[Items from a data source]
>>>>>

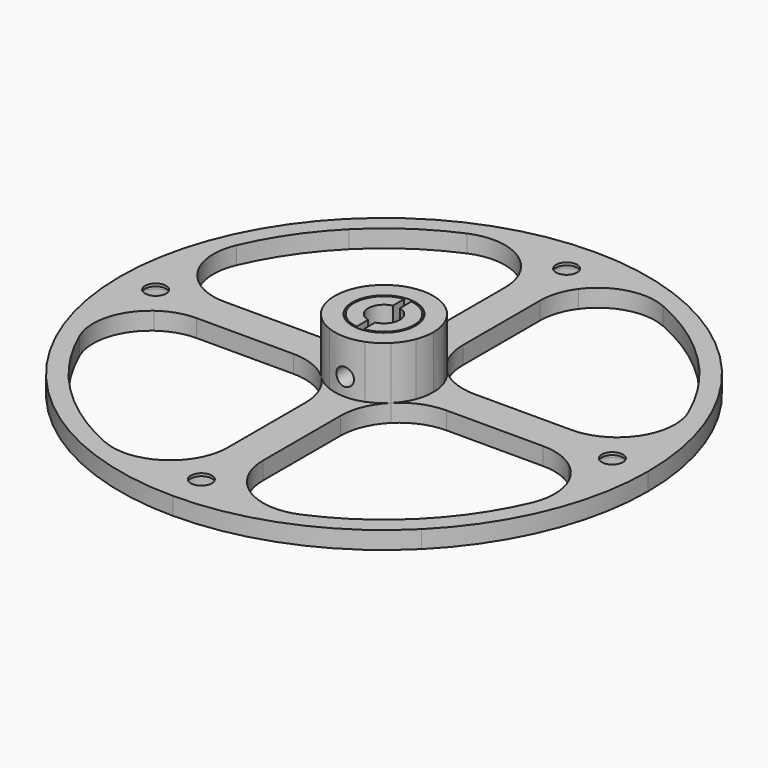
from build123d import *

# Parameters (mm, degrees)
F3_R          = 1.2
F3_R_2        = 2.05
F4_DEPTH      = 1
F4_DEPTH_BACK = 1
F5_DEPTH      = 1
F5_DEPTH_BACK = 1
F6_DEPTH      = 7
F7_DEPTH      = 0.7
F7_DEPTH_BACK = 0.7
F8_R          = 1
F9_DEPTH      = 30
F9_DEPTH_BACK = 30
F11_DEPTH     = 8


with BuildPart() as f4:
    # F3 (on Top) → F4 (new body, two sides)
    with BuildSketch(Plane.XY) as f4_sk:
        with BuildLine():
            Line((-19.79899, 19.79899), (-21.213203, 21.213203))
            ThreePointArc((-21.213203, 21.213203), (-27.716386, 11.480503), (-30, 0))
            ThreePointArc((-30, 0), (-29.396228, 2.127442), (-27.764933, 3.620569))
            ThreePointArc((-27.764933, 3.620569), (-26.989532, 7.454205), (-25.687491, 11.142389))
            ThreePointArc((-25.687491, 11.142389), (-23.15144, 15.74836), (-19.79899, 19.79899))
        make_face()
        with BuildLine():
            ThreePointArc((-30, 0), (-27.716386, -11.480503), (-21.213203, -21.213203))
            Line((-21.213203, -21.213203), (-19.79899, -19.79899))
            ThreePointArc((-19.79899, -19.79899), (-23.15144, -15.74836), (-25.687491, -11.142389))
            ThreePointArc((-25.687491, -11.142389), (-26.989532, -7.454205), (-27.764933, -3.620569))
            ThreePointArc((-27.764933, -3.620569), (-29.396228, -2.127443), (-30, 0))
        make_face()
        with BuildLine():
            ThreePointArc((-23.555055, -3.265997), (-25.610097, -4.035711), (-27.764933, -3.620569))
            ThreePointArc((-27.764933, -3.620569), (-26.989532, -7.454205), (-25.687491, -11.142389))
            ThreePointArc((-25.687491, -11.142389), (-26.000354, -6.830824), (-23.555055, -3.265997))
        make_face()
        with BuildLine():
            Line((-19.687728, 2), (-22.428282, 2))
            ThreePointArc((-22.428282, 2), (-22.034297, 1.034297), (-21.9, 0))
            ThreePointArc((-21.9, 0), (-22.034297, -1.034297), (-22.428282, -2))
            Line((-22.428282, -2), (-19.687728, -2))
            Line((-19.687728, -2), (-8.691169, -2))
            Line((-8.691169, -2), (-5.230679, -2))
            ThreePointArc((-5.230679, -2), (-5.6, 0), (-5.230679, 2))
            Line((-5.230679, 2), (-8.691169, 2))
            Line((-8.691169, 2), (-19.687728, 2))
        make_face()
        with BuildLine():
            ThreePointArc((22.428282, -2), (21.9, 0), (22.428282, 2))
            Line((22.428282, 2), (19.687728, 2))
            Line((19.687728, 2), (8.691169, 2))
            Line((8.691169, 2), (5.230679, 2))
            ThreePointArc((5.230679, 2), (5.506896, 1.016907), (5.6, 0))
            ThreePointArc((5.6, 0), (5.506896, -1.016907), (5.230679, -2))
            Line((5.230679, -2), (8.691169, -2))
            Line((8.691169, -2), (19.687728, -2))
            Line((19.687728, -2), (22.428282, -2))
        make_face()
        with BuildLine():
            Line((-2, -8.691169), (-2, -19.687728))
            Line((-2, -19.687728), (-2, -22.428282))
            ThreePointArc((-2, -22.428282), (0, -21.9), (2, -22.428282))
            Line((2, -22.428282), (2, -19.687728))
            Line((2, -19.687728), (2, -8.691169))
            Line((2, -8.691169), (2, -5.230679))
            ThreePointArc((2, -5.230679), (0, -5.6), (-2, -5.230679))
            Line((-2, -5.230679), (-2, -8.691169))
        make_face()
        with BuildLine():
            ThreePointArc((2, 22.428282), (0, 21.9), (-2, 22.428282))
            Line((-2, 22.428282), (-2, 19.687728))
            Line((-2, 19.687728), (-2, 8.691169))
            Line((-2, 8.691169), (-2, 5.230679))
            ThreePointArc((-2, 5.230679), (0, 5.6), (2, 5.230679))
            Line((2, 5.230679), (2, 8.691169))
            Line((2, 8.691169), (2, 19.687728))
            Line((2, 19.687728), (2, 22.428282))
        make_face()
        with BuildLine():
            ThreePointArc((-3.620569, 27.764933), (-2.127442, 29.396228), (0, 30))
            ThreePointArc((0, 30), (-11.480503, 27.716386), (-21.213203, 21.213203))
            Line((-21.213203, 21.213203), (-19.79899, 19.79899))
            ThreePointArc((-19.79899, 19.79899), (-15.74836, 23.15144), (-11.142389, 25.687491))
            ThreePointArc((-11.142389, 25.687491), (-7.454205, 26.989532), (-3.620569, 27.764933))
        make_face()
        with BuildLine():
            Line((19.79899, 19.79899), (21.213203, 21.213203))
            ThreePointArc((21.213203, 21.213203), (11.480503, 27.716386), (0, 30))
            ThreePointArc((0, 30), (2.127442, 29.396228), (3.620569, 27.764933))
            ThreePointArc((3.620569, 27.764933), (7.454205, 26.989532), (11.142389, 25.687491))
            ThreePointArc((11.142389, 25.687491), (15.74836, 23.15144), (19.79899, 19.79899))
        make_face()
        with BuildLine():
            ThreePointArc((3.620569, 27.764933), (2.127442, 29.396228), (0, 30))
            ThreePointArc((0, 30), (-2.127442, 29.396228), (-3.620569, 27.764933))
            ThreePointArc((-3.620569, 27.764933), (-1.814096, 27.941171), (0, 28))
            ThreePointArc((0, 28), (1.814096, 27.941171), (3.620569, 27.764933))
        make_face()
        with BuildLine():
            ThreePointArc((4.05, 25.95), (3.94118, 26.882522), (3.620569, 27.764933))
            ThreePointArc((3.620569, 27.764933), (1.814096, 27.941171), (0, 28))
            ThreePointArc((0, 28), (-1.814096, 27.941171), (-3.620569, 27.764933))
            ThreePointArc((-3.620569, 27.764933), (-4.035711, 25.610097), (-3.265997, 23.555055))
            ThreePointArc((-3.265997, 23.555055), (-2.692599, 22.924704), (-2, 22.428282))
            ThreePointArc((-2, 22.428282), (0, 21.9), (2, 22.428282))
            ThreePointArc((2, 22.428282), (2.692599, 22.924704), (3.265997, 23.555055))
            ThreePointArc((3.265997, 23.555055), (3.849012, 24.689998), (4.05, 25.95))
        make_face()
        with BuildLine():
            ThreePointArc((2.05, 25.95), (-1.449569, 24.500431), (0, 28))
            ThreePointArc((0, 28), (1.449569, 27.399569), (2.05, 25.95))
        make_face(mode=Mode.SUBTRACT)
        with BuildLine():
            ThreePointArc((-23.555055, 3.265998), (-25.610097, 4.035711), (-27.764933, 3.620569))
            ThreePointArc((-27.764933, 3.620569), (-27.941171, 1.814096), (-28, 0))
            ThreePointArc((-28, 0), (-27.941171, -1.814096), (-27.764933, -3.620569))
            ThreePointArc((-27.764933, -3.620569), (-25.610097, -4.035711), (-23.555055, -3.265997))
            ThreePointArc((-23.555055, -3.265997), (-22.924704, -2.692599), (-22.428282, -2))
            ThreePointArc((-22.428282, -2), (-22.034297, -1.034297), (-21.9, 0))
            ThreePointArc((-21.9, 0), (-22.034297, 1.034297), (-22.428282, 2))
            ThreePointArc((-22.428282, 2), (-22.924705, 2.692599), (-23.555055, 3.265998))
        make_face()
        with BuildLine():
            ThreePointArc((-23.9, 0), (-25.95, -2.05), (-28, 0))
            ThreePointArc((-28, 0), (-25.95, 2.05), (-23.9, 0))
        make_face(mode=Mode.SUBTRACT)
        with BuildLine():
            ThreePointArc((-27.764933, 3.620569), (-29.396228, 2.127442), (-30, 0))
            ThreePointArc((-30, 0), (-29.396228, -2.127443), (-27.764933, -3.620569))
            ThreePointArc((-27.764933, -3.620569), (-27.941171, -1.814096), (-28, 0))
            ThreePointArc((-28, 0), (-27.941171, 1.814096), (-27.764933, 3.620569))
        make_face()
        with BuildLine():
            ThreePointArc((-23.9, 0), (-25.95, 2.05), (-28, 0))
            ThreePointArc((-28, 0), (-25.95, -2.05), (-23.9, 0))
        make_face()
        with Locations((-25.95, 0)):
            Circle(F3_R, mode=Mode.SUBTRACT)
        with BuildLine():
            ThreePointArc((0, -30), (11.480503, -27.716386), (21.213203, -21.213203))
            Line((21.213203, -21.213203), (19.79899, -19.79899))
            ThreePointArc((19.79899, -19.79899), (15.74836, -23.15144), (11.142389, -25.687491))
            ThreePointArc((11.142389, -25.687491), (7.454205, -26.989532), (3.620569, -27.764933))
            ThreePointArc((3.620569, -27.764933), (2.127442, -29.396228), (0, -30))
        make_face()
        with BuildLine():
            ThreePointArc((-21.213203, -21.213203), (-11.480503, -27.716386), (0, -30))
            ThreePointArc((0, -30), (-2.127443, -29.396228), (-3.620569, -27.764933))
            ThreePointArc((-3.620569, -27.764933), (-7.454205, -26.989532), (-11.142389, -25.687491))
            ThreePointArc((-11.142389, -25.687491), (-15.74836, -23.15144), (-19.79899, -19.79899))
            Line((-19.79899, -19.79899), (-21.213203, -21.213203))
        make_face()
        with BuildLine():
            ThreePointArc((-3.265998, -23.555055), (-4.035711, -25.610097), (-3.620569, -27.764933))
            ThreePointArc((-3.620569, -27.764933), (-1.814096, -27.941171), (0, -28))
            ThreePointArc((0, -28), (1.814096, -27.941171), (3.620569, -27.764933))
            ThreePointArc((3.620569, -27.764933), (3.94118, -26.882522), (4.05, -25.95))
            ThreePointArc((4.05, -25.95), (3.849012, -24.689998), (3.265997, -23.555055))
            ThreePointArc((3.265997, -23.555055), (2.692599, -22.924704), (2, -22.428282))
            ThreePointArc((2, -22.428282), (0, -21.9), (-2, -22.428282))
            ThreePointArc((-2, -22.428282), (-2.692599, -22.924704), (-3.265998, -23.555055))
        make_face()
        with BuildLine():
            ThreePointArc((2.05, -25.95), (1.449569, -27.399569), (0, -28))
            ThreePointArc((0, -28), (-1.449569, -24.500431), (2.05, -25.95))
        make_face(mode=Mode.SUBTRACT)
        with BuildLine():
            ThreePointArc((-3.620569, -27.764933), (-2.127443, -29.396228), (0, -30))
            ThreePointArc((0, -30), (2.127442, -29.396228), (3.620569, -27.764933))
            ThreePointArc((3.620569, -27.764933), (1.814096, -27.941171), (0, -28))
            ThreePointArc((0, -28), (-1.814096, -27.941171), (-3.620569, -27.764933))
        make_face()
        with BuildLine():
            ThreePointArc((28, 0), (27.941171, 1.814096), (27.764933, 3.620569))
            ThreePointArc((27.764933, 3.620569), (25.610097, 4.035711), (23.555055, 3.265998))
            ThreePointArc((23.555055, 3.265998), (22.924704, 2.692599), (22.428282, 2))
            ThreePointArc((22.428282, 2), (21.9, 0), (22.428282, -2))
            ThreePointArc((22.428282, -2), (22.924705, -2.692599), (23.555055, -3.265998))
            ThreePointArc((23.555055, -3.265998), (25.610097, -4.035711), (27.764933, -3.620569))
            ThreePointArc((27.764933, -3.620569), (27.941171, -1.814096), (28, 0))
        make_face()
        with Locations((25.95, 0)):
            Circle(F3_R_2, mode=Mode.SUBTRACT)
        with BuildLine():
            ThreePointArc((27.764933, -3.620569), (29.396228, -2.127442), (30, 0))
            ThreePointArc((30, 0), (29.396228, 2.127442), (27.764933, 3.620569))
            ThreePointArc((27.764933, 3.620569), (27.941171, 1.814096), (28, 0))
            ThreePointArc((28, 0), (27.941171, -1.814096), (27.764933, -3.620569))
        make_face()
        with BuildLine():
            ThreePointArc((2.05, 25.95), (1.449569, 27.399569), (0, 28))
            ThreePointArc((0, 28), (-1.449569, 24.500431), (2.05, 25.95))
        make_face()
        with Locations((0, 25.95)):
            Circle(F3_R, mode=Mode.SUBTRACT)
        with BuildLine():
            ThreePointArc((2.05, -25.95), (-1.449569, -24.500431), (0, -28))
            ThreePointArc((0, -28), (1.449569, -27.399569), (2.05, -25.95))
        make_face()
        with Locations((0, -25.95)):
            Circle(F3_R, mode=Mode.SUBTRACT)
        with Locations((25.95, 0)):
            Circle(F3_R_2)
        with Locations((25.95, 0)):
            Circle(F3_R, mode=Mode.SUBTRACT)
        with BuildLine():
            ThreePointArc((21.213203, -21.213203), (27.716386, -11.480503), (30, 0))
            ThreePointArc((30, 0), (29.396228, -2.127442), (27.764933, -3.620569))
            ThreePointArc((27.764933, -3.620569), (26.989532, -7.454205), (25.687491, -11.142389))
            ThreePointArc((25.687491, -11.142389), (23.15144, -15.74836), (19.79899, -19.79899))
            Line((19.79899, -19.79899), (21.213203, -21.213203))
        make_face()
        with BuildLine():
            ThreePointArc((27.764933, 3.620569), (29.396228, 2.127442), (30, 0))
            ThreePointArc((30, 0), (27.716386, 11.480503), (21.213203, 21.213203))
            Line((21.213203, 21.213203), (19.79899, 19.79899))
            ThreePointArc((19.79899, 19.79899), (23.15144, 15.74836), (25.687491, 11.142389))
            ThreePointArc((25.687491, 11.142389), (26.989532, 7.454205), (27.764933, 3.620569))
        make_face()
        with BuildLine():
            ThreePointArc((5.230679, 2), (4.698555, 3.046897), (3.959798, 3.959798))
            Line((3.959798, 3.959798), (2.545584, 2.545584))
            ThreePointArc((2.545584, 2.545584), (3.325966, 1.37766), (3.6, 0))
            ThreePointArc((3.6, 0), (3.325966, -1.37766), (2.545584, -2.545584))
            Line((2.545584, -2.545584), (3.959798, -3.959798))
            ThreePointArc((3.959798, -3.959798), (4.698555, -3.046897), (5.230679, -2))
            ThreePointArc((5.230679, -2), (5.506896, -1.016907), (5.6, 0))
            ThreePointArc((5.6, 0), (5.506896, 1.016907), (5.230679, 2))
        make_face()
        with BuildLine():
            Line((2.545584, 2.545584), (3.959798, 3.959798))
            ThreePointArc((3.959798, 3.959798), (3.046897, 4.698555), (2, 5.230679))
            ThreePointArc((2, 5.230679), (0, 5.6), (-2, 5.230679))
            ThreePointArc((-2, 5.230679), (-3.046897, 4.698555), (-3.959798, 3.959798))
            Line((-3.959798, 3.959798), (-2.545584, 2.545584))
            ThreePointArc((-2.545584, 2.545584), (0, 3.6), (2.545584, 2.545584))
        make_face()
        with BuildLine():
            Line((-2.545584, 2.545584), (-3.959798, 3.959798))
            ThreePointArc((-3.959798, 3.959798), (-4.698555, 3.046897), (-5.230679, 2))
            ThreePointArc((-5.230679, 2), (-5.6, 0), (-5.230679, -2))
            ThreePointArc((-5.230679, -2), (-4.698555, -3.046897), (-3.959798, -3.959798))
            Line((-3.959798, -3.959798), (-2.545584, -2.545584))
            ThreePointArc((-2.545584, -2.545584), (-3.6, 0), (-2.545584, 2.545584))
        make_face()
        with BuildLine():
            ThreePointArc((2, -5.230679), (3.046897, -4.698555), (3.959798, -3.959798))
            Line((3.959798, -3.959798), (2.545584, -2.545584))
            ThreePointArc((2.545584, -2.545584), (0, -3.6), (-2.545584, -2.545584))
            Line((-2.545584, -2.545584), (-3.959798, -3.959798))
            ThreePointArc((-3.959798, -3.959798), (-3.046897, -4.698555), (-2, -5.230679))
            ThreePointArc((-2, -5.230679), (0, -5.6), (2, -5.230679))
        make_face()
        with BuildLine():
            ThreePointArc((-2.545584, -2.545584), (0, -3.6), (2.545584, -2.545584))
            Line((2.545584, -2.545584), (1.131371, -1.131371))
            ThreePointArc((1.131371, -1.131371), (0, -1.6), (-1.131371, -1.131371))
            Line((-1.131371, -1.131371), (-2.545584, -2.545584))
        make_face()
        with BuildLine():
            ThreePointArc((3.6, 0), (3.325966, 1.37766), (2.545584, 2.545584))
            Line((2.545584, 2.545584), (1.131371, 1.131371))
            ThreePointArc((1.131371, 1.131371), (1.478207, 0.612293), (1.6, 0))
            ThreePointArc((1.6, 0), (1.478207, -0.612293), (1.131371, -1.131371))
            Line((1.131371, -1.131371), (2.545584, -2.545584))
            ThreePointArc((2.545584, -2.545584), (3.325966, -1.37766), (3.6, 0))
        make_face()
        with BuildLine():
            Line((1.131371, 1.131371), (2.545584, 2.545584))
            ThreePointArc((2.545584, 2.545584), (0, 3.6), (-2.545584, 2.545584))
            Line((-2.545584, 2.545584), (-1.131371, 1.131371))
            ThreePointArc((-1.131371, 1.131371), (0, 1.6), (1.131371, 1.131371))
        make_face()
        with BuildLine():
            Line((-1.131371, 1.131371), (-2.545584, 2.545584))
            ThreePointArc((-2.545584, 2.545584), (-3.6, 0), (-2.545584, -2.545584))
            Line((-2.545584, -2.545584), (-1.131371, -1.131371))
            ThreePointArc((-1.131371, -1.131371), (-1.6, 0), (-1.131371, 1.131371))
        make_face()
        with BuildLine():
            Line((0, 0), (-1.131371, 1.131371))
            ThreePointArc((-1.131371, 1.131371), (-1.6, 0), (-1.131371, -1.131371))
            Line((-1.131371, -1.131371), (0, 0))
        make_face()
        with BuildLine():
            Line((0, 0), (1.131371, 1.131371))
            ThreePointArc((1.131371, 1.131371), (0, 1.6), (-1.131371, 1.131371))
            Line((-1.131371, 1.131371), (0, 0))
        make_face()
        with BuildLine():
            ThreePointArc((1.6, 0), (1.478207, 0.612293), (1.131371, 1.131371))
            Line((1.131371, 1.131371), (0, 0))
            Line((0, 0), (1.131371, -1.131371))
            ThreePointArc((1.131371, -1.131371), (1.478207, -0.612293), (1.6, 0))
        make_face()
        with BuildLine():
            ThreePointArc((-1.131371, -1.131371), (0, -1.6), (1.131371, -1.131371))
            Line((1.131371, -1.131371), (0, 0))
            Line((0, 0), (-1.131371, -1.131371))
        make_face()
        with BuildLine():
            ThreePointArc((-5.230679, 2), (-4.698555, 3.046897), (-3.959798, 3.959798))
            ThreePointArc((-3.959798, 3.959798), (-6.130569, 2.509335), (-8.691169, 2))
            Line((-8.691169, 2), (-5.230679, 2))
        make_face()
        with BuildLine():
            ThreePointArc((-2, 8.691169), (-2.509335, 6.130569), (-3.959798, 3.959798))
            ThreePointArc((-3.959798, 3.959798), (-3.046897, 4.698555), (-2, 5.230679))
            Line((-2, 5.230679), (-2, 8.691169))
        make_face()
        with BuildLine():
            ThreePointArc((-25.687491, 11.142389), (-26.989532, 7.454205), (-27.764933, 3.620569))
            ThreePointArc((-27.764933, 3.620569), (-25.610097, 4.035711), (-23.555055, 3.265998))
            ThreePointArc((-23.555055, 3.265998), (-26.000354, 6.830824), (-25.687491, 11.142389))
        make_face()
        with BuildLine():
            ThreePointArc((-19.687728, 2), (-21.722364, 2.324553), (-23.555055, 3.265998))
            ThreePointArc((-23.555055, 3.265998), (-22.924705, 2.692599), (-22.428282, 2))
            Line((-22.428282, 2), (-19.687728, 2))
        make_face()
        with BuildLine():
            ThreePointArc((-3.265997, 23.555055), (-4.035711, 25.610097), (-3.620569, 27.764933))
            ThreePointArc((-3.620569, 27.764933), (-7.454205, 26.989532), (-11.142389, 25.687491))
            ThreePointArc((-11.142389, 25.687491), (-6.830824, 26.000354), (-3.265997, 23.555055))
        make_face()
        with BuildLine():
            ThreePointArc((-2, 22.428282), (-2.692599, 22.924704), (-3.265997, 23.555055))
            ThreePointArc((-3.265997, 23.555055), (-2.324553, 21.722364), (-2, 19.687728))
            Line((-2, 19.687728), (-2, 22.428282))
        make_face()
        with BuildLine():
            ThreePointArc((11.142389, 25.687491), (7.454205, 26.989532), (3.620569, 27.764933))
            ThreePointArc((3.620569, 27.764933), (3.94118, 26.882522), (4.05, 25.95))
            ThreePointArc((4.05, 25.95), (3.849012, 24.689998), (3.265997, 23.555055))
            ThreePointArc((3.265997, 23.555055), (6.830824, 26.000354), (11.142389, 25.687491))
        make_face()
        with BuildLine():
            ThreePointArc((2, 19.687728), (2.324553, 21.722364), (3.265997, 23.555055))
            ThreePointArc((3.265997, 23.555055), (2.692599, 22.924704), (2, 22.428282))
            Line((2, 22.428282), (2, 19.687728))
        make_face()
        with BuildLine():
            ThreePointArc((23.555055, 3.265998), (25.610097, 4.035711), (27.764933, 3.620569))
            ThreePointArc((27.764933, 3.620569), (26.989532, 7.454205), (25.687491, 11.142389))
            ThreePointArc((25.687491, 11.142389), (26.091162, 9.868868), (26.227618, 8.539889))
            ThreePointArc((26.227618, 8.539889), (25.52134, 5.583687), (23.555055, 3.265998))
        make_face()
        with BuildLine():
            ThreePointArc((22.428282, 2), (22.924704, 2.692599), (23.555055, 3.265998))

<<<<<

Your task: When you reach the line holding "ThreePointArc((-2, -5.230679), (0, -5.6), (2, -5.230679))" in the records above, begin reproducing exactly, stop after the line holding "-3.6), (2.545584, -2.545584))", and output nothing else.

Reply:
            ThreePointArc((-2, -5.230679), (0, -5.6), (2, -5.230679))
        make_face()
        with BuildLine():
            ThreePointArc((-2.545584, -2.545584), (0, -3.6), (2.545584, -2.545584))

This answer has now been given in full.